Теперь, кажется, все разобрано, все ясно, и начнется что-то совсем новое, особенное, но – ничего не начинается, и в смутах и бурях проходят его беспорядочные дни – неделя за неделей и месяц за месяцем. Он живет то в Ясной, то в Москве, то опять в Ясной, читает, кутит, пишет дневники, кается, бешено предается карточной игре, бесплодно пытаясь поставить у себя хозяйство на каких-то смутных, но, как ему кажется, более справедливых и более разумных началах, разочаровывается и снова пускается во все тяжкие. Весной 1851 г. он, двадцатитрехлетний молодой человек, едет в Москву, во-первых, для того, чтобы играть в карты, а во-вторых, для того, чтобы или поступить на службу или жениться. Карты скоро надоедают ему, жениться не удается, не удается и поступить на службу и – он острит, что из этих трех выходов он выбрал четвертый: занял деньги у Киреевского. У него уютная квартирка из четырех комнат, есть роялино, которое он взял напрокат, обедает он дома щами и кашей и поджидает только варенья и наливку, чтобы иметь все, к чему он привык в деревне. Для выездов у него есть очень модные сани и изящная упряжь. И, как всегда, он преисполнен самых благих намерений:

«Недавно, – пишет он тетушке в Ясную, – я прочитал в одном сочинении, что первые признаки весны действуют обыкновенно на моральную сторону человека. С возрождением природы хочется чувствовать и себя возрождающимся, сожалеешь о прошлом, о дурно проведенном времени, раскаиваешься в своих слабостях, и будущее представляется нам светлою точкой впереди нас, и становишься лучше, морально лучше. По отношению ко мне это очень верно. С тех пор, как я начал жить самостоятельно, весна возбуждала всегда во мне самые лучшие намерения, которых я и держался более или менее продолжительное время. Но зима для меня всегда была камнем преткновения… Но впрочем, вспоминая прошедшие зимы, я думаю, что эта зима была все же самая приятная и самая разумная из всех. Я веселился, ездил в свет, я запасся приятными воспоминаниями и со всем тем я не расстроил своих денежных дел. Впрочем, и не устроил их тоже…». Да и мудрено было устроить: сегодня он закладывал свои часы, а завтра покупал себе ненужную лошадь. А то вздумал взять подряд на почтовую «гоньбу» между Москвой и Тулой, но – сразу и оставил: дохода было 150 рублей, а расходы 2 000.

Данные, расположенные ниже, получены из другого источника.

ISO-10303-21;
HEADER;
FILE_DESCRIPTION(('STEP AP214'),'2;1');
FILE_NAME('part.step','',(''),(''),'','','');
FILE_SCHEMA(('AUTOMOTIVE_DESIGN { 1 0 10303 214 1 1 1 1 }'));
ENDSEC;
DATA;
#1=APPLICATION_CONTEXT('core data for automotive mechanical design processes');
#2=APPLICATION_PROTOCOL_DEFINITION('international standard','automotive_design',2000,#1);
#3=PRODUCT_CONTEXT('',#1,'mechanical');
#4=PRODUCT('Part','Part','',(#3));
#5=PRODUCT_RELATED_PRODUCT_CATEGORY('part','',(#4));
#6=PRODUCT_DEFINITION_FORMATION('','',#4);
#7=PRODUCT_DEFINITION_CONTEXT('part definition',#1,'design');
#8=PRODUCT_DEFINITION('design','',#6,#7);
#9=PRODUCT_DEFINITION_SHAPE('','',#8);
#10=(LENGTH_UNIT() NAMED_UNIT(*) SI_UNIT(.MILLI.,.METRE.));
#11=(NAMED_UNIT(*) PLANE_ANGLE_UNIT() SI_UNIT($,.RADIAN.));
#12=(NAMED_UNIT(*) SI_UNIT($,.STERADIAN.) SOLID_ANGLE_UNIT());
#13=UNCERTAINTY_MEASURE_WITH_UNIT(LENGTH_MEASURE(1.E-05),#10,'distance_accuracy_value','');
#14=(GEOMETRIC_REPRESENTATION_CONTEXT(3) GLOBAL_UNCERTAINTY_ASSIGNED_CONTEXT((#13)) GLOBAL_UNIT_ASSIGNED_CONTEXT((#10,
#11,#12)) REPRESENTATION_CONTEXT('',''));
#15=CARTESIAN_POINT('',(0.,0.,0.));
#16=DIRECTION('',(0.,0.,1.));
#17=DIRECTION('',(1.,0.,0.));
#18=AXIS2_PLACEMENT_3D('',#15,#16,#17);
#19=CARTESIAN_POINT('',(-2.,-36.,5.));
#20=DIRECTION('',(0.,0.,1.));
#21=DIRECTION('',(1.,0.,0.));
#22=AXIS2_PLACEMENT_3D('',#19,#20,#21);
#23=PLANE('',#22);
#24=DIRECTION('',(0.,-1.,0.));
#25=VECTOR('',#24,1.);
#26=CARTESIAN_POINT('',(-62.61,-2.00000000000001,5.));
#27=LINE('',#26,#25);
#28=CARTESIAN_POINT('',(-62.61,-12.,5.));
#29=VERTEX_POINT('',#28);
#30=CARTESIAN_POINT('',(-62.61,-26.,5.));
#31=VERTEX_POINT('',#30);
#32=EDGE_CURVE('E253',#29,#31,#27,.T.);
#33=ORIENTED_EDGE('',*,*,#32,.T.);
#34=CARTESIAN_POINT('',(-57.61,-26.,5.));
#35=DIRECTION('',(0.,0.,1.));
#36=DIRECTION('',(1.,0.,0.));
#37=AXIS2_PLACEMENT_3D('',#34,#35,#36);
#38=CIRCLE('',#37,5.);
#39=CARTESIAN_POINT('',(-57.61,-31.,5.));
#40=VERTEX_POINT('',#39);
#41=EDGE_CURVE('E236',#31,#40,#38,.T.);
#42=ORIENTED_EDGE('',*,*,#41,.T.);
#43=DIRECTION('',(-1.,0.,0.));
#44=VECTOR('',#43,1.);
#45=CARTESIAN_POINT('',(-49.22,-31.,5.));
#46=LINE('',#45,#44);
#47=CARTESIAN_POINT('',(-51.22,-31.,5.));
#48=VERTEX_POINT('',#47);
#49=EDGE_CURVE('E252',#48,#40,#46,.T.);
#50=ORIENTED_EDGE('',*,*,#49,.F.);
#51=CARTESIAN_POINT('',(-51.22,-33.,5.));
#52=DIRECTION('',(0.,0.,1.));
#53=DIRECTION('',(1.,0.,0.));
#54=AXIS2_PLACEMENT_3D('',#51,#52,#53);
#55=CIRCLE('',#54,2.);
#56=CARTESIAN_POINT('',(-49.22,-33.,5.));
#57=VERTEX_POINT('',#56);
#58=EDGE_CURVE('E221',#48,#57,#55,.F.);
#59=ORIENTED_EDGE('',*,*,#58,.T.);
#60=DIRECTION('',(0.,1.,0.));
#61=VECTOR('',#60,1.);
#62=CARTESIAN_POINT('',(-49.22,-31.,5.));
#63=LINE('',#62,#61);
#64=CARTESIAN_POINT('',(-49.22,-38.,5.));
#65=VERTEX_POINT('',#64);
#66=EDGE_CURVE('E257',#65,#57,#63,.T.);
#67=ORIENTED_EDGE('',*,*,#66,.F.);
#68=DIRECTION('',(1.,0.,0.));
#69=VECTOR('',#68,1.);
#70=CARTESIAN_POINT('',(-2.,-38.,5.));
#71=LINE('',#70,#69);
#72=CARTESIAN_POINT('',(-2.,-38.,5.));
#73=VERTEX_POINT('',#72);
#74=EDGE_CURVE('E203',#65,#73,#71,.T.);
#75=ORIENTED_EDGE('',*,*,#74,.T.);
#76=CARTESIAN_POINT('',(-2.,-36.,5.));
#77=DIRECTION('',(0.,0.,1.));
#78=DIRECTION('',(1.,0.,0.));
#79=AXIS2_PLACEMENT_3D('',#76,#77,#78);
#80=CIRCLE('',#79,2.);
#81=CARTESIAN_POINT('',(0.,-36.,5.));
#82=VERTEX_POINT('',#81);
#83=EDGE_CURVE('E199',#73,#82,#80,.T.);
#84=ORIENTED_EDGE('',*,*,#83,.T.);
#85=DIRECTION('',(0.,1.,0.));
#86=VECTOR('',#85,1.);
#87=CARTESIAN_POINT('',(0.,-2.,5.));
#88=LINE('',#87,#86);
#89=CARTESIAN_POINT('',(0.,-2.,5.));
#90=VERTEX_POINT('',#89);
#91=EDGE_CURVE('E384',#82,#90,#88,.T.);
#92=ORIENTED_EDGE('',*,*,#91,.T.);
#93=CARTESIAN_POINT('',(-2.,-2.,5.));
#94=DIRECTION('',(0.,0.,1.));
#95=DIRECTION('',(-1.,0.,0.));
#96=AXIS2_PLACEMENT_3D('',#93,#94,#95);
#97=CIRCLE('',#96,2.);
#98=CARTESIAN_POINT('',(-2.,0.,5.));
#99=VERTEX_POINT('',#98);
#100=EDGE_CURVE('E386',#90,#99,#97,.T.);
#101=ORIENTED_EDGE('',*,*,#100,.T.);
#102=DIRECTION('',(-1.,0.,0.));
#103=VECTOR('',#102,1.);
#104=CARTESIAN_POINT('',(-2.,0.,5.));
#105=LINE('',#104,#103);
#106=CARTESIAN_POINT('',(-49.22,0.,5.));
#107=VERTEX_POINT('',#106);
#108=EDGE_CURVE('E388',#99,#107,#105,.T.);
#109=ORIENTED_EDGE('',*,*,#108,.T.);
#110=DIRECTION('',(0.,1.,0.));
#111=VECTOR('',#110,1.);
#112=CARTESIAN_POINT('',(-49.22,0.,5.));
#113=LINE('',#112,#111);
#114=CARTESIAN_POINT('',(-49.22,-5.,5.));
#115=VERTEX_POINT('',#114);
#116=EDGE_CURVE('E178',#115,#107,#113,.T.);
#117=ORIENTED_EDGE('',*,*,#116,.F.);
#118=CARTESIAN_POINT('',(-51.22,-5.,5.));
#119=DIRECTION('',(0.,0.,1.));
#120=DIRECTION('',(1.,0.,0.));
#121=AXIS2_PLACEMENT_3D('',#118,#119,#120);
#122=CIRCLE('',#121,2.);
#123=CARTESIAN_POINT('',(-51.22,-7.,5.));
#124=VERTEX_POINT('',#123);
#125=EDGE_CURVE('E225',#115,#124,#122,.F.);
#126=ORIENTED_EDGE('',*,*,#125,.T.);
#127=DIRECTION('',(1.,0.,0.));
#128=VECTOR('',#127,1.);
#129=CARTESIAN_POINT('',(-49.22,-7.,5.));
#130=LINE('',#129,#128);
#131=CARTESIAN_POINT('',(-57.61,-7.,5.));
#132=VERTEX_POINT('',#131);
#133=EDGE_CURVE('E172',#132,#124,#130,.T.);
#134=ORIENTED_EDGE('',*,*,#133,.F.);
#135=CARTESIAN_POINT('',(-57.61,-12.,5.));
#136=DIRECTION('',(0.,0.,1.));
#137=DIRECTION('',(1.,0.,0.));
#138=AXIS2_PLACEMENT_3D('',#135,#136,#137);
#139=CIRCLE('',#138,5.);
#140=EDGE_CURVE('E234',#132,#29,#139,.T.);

И до того вся эта жизнь была не нужна ему, до такой степени он был свободен от всяких связей и обязательств, неизбежно связанных с жизнью серьезной, настоящей, что раз, когда к нему заехал жених его сестры, ехавший в Сибирь, чтобы перед свадьбой покончить там разные дела, Толстой вскочил к нему в тарантас и не уехал в Сибирь только потому, кажется, что на нем не было шапки. Молодое вино бродило, бурлило и не знало, куда ему броситься…

В апреле 1851 г. приехал в Ясную с Кавказа старший брат Толстого, Николай, который служил в кавказской армии офицером. Рассказы брата о дикой и грандиозной природе Кавказа, о яркой и волнующей боевой жизни там, на этой далекой и опасной украине, сразу воспламенили младшего брата, и он в одно мгновение решает: на Кавказ.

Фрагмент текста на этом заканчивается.